═══ ENTRIES SHOWN ═══
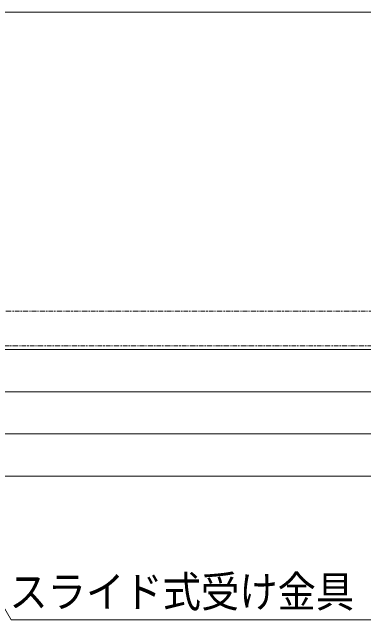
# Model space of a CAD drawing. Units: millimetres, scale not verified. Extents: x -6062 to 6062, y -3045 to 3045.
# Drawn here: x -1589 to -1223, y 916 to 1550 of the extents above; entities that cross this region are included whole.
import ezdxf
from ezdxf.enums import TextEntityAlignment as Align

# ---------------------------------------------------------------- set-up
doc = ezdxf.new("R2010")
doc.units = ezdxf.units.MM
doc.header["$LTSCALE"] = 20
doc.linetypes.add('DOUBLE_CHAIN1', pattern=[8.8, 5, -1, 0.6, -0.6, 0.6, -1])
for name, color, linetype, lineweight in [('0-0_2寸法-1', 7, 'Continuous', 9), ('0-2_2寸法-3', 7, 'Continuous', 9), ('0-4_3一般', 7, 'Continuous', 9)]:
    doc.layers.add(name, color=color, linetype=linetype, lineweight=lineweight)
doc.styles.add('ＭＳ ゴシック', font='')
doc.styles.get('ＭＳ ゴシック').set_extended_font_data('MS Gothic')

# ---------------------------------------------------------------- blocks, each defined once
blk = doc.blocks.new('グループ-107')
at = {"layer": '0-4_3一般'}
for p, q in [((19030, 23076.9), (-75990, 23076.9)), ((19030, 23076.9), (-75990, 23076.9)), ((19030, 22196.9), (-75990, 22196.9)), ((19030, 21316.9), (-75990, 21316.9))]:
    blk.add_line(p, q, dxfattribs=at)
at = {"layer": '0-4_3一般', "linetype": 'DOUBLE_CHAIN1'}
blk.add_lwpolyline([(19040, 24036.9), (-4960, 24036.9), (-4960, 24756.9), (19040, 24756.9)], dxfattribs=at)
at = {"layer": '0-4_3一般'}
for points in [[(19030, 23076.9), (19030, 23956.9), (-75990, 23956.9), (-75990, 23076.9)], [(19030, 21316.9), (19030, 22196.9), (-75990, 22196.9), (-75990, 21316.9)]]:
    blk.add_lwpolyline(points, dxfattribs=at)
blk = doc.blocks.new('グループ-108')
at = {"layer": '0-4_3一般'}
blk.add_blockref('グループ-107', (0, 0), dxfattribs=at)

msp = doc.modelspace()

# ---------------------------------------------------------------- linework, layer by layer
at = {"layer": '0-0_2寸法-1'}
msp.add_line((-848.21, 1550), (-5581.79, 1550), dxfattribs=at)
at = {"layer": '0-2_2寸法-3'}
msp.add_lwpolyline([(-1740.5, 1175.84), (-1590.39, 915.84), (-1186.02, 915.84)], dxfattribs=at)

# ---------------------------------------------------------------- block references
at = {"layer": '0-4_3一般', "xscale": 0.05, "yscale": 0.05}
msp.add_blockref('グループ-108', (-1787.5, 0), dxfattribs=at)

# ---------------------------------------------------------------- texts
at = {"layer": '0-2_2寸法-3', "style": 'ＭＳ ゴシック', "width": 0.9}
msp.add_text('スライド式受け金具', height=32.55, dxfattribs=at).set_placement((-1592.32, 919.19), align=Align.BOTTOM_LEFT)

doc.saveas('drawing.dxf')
═══
DESCRIPTION OF THE TASK:
Since the pictures are not wanted, give the material again exactly without them.

TASK RESPONSE:
# Model space of a CAD drawing. Units: millimetres, scale not verified. Extents: x -6062 to 6062, y -3045 to 3045.
# Drawn here: x -1589 to -1223, y 916 to 1550 of the extents above; entities that cross this region are included whole.
import ezdxf
from ezdxf.enums import TextEntityAlignment as Align

# ---------------------------------------------------------------- set-up
doc = ezdxf.new("R2010")
doc.units = ezdxf.units.MM
doc.header["$LTSCALE"] = 20
doc.linetypes.add('DOUBLE_CHAIN1', pattern=[8.8, 5, -1, 0.6, -0.6, 0.6, -1])
for name, color, linetype, lineweight in [('0-0_2寸法-1', 7, 'Continuous', 9), ('0-2_2寸法-3', 7, 'Continuous', 9), ('0-4_3一般', 7, 'Continuous', 9)]:
    doc.layers.add(name, color=color, linetype=linetype, lineweight=lineweight)
doc.styles.add('ＭＳ ゴシック', font='')
doc.styles.get('ＭＳ ゴシック').set_extended_font_data('MS Gothic')

# ---------------------------------------------------------------- blocks, each defined once
blk = doc.blocks.new('グループ-107')
at = {"layer": '0-4_3一般'}
for p, q in [((19030, 23076.9), (-75990, 23076.9)), ((19030, 23076.9), (-75990, 23076.9)), ((19030, 22196.9), (-75990, 22196.9)), ((19030, 21316.9), (-75990, 21316.9))]:
    blk.add_line(p, q, dxfattribs=at)
at = {"layer": '0-4_3一般', "linetype": 'DOUBLE_CHAIN1'}
blk.add_lwpolyline([(19040, 24036.9), (-4960, 24036.9), (-4960, 24756.9), (19040, 24756.9)], dxfattribs=at)
at = {"layer": '0-4_3一般'}
for points in [[(19030, 23076.9), (19030, 23956.9), (-75990, 23956.9), (-75990, 23076.9)], [(19030, 21316.9), (19030, 22196.9), (-75990, 22196.9), (-75990, 21316.9)]]:
    blk.add_lwpolyline(points, dxfattribs=at)
blk = doc.blocks.new('グループ-108')
at = {"layer": '0-4_3一般'}
blk.add_blockref('グループ-107', (0, 0), dxfattribs=at)

msp = doc.modelspace()

# ---------------------------------------------------------------- linework, layer by layer
at = {"layer": '0-0_2寸法-1'}
msp.add_line((-848.21, 1550), (-5581.79, 1550), dxfattribs=at)
at = {"layer": '0-2_2寸法-3'}
msp.add_lwpolyline([(-1740.5, 1175.84), (-1590.39, 915.84), (-1186.02, 915.84)], dxfattribs=at)

# ---------------------------------------------------------------- block references
at = {"layer": '0-4_3一般', "xscale": 0.05, "yscale": 0.05}
msp.add_blockref('グループ-108', (-1787.5, 0), dxfattribs=at)

# ---------------------------------------------------------------- texts
at = {"layer": '0-2_2寸法-3', "style": 'ＭＳ ゴシック', "width": 0.9}
msp.add_text('スライド式受け金具', height=32.55, dxfattribs=at).set_placement((-1592.32, 919.19), align=Align.BOTTOM_LEFT)

doc.saveas('drawing.dxf')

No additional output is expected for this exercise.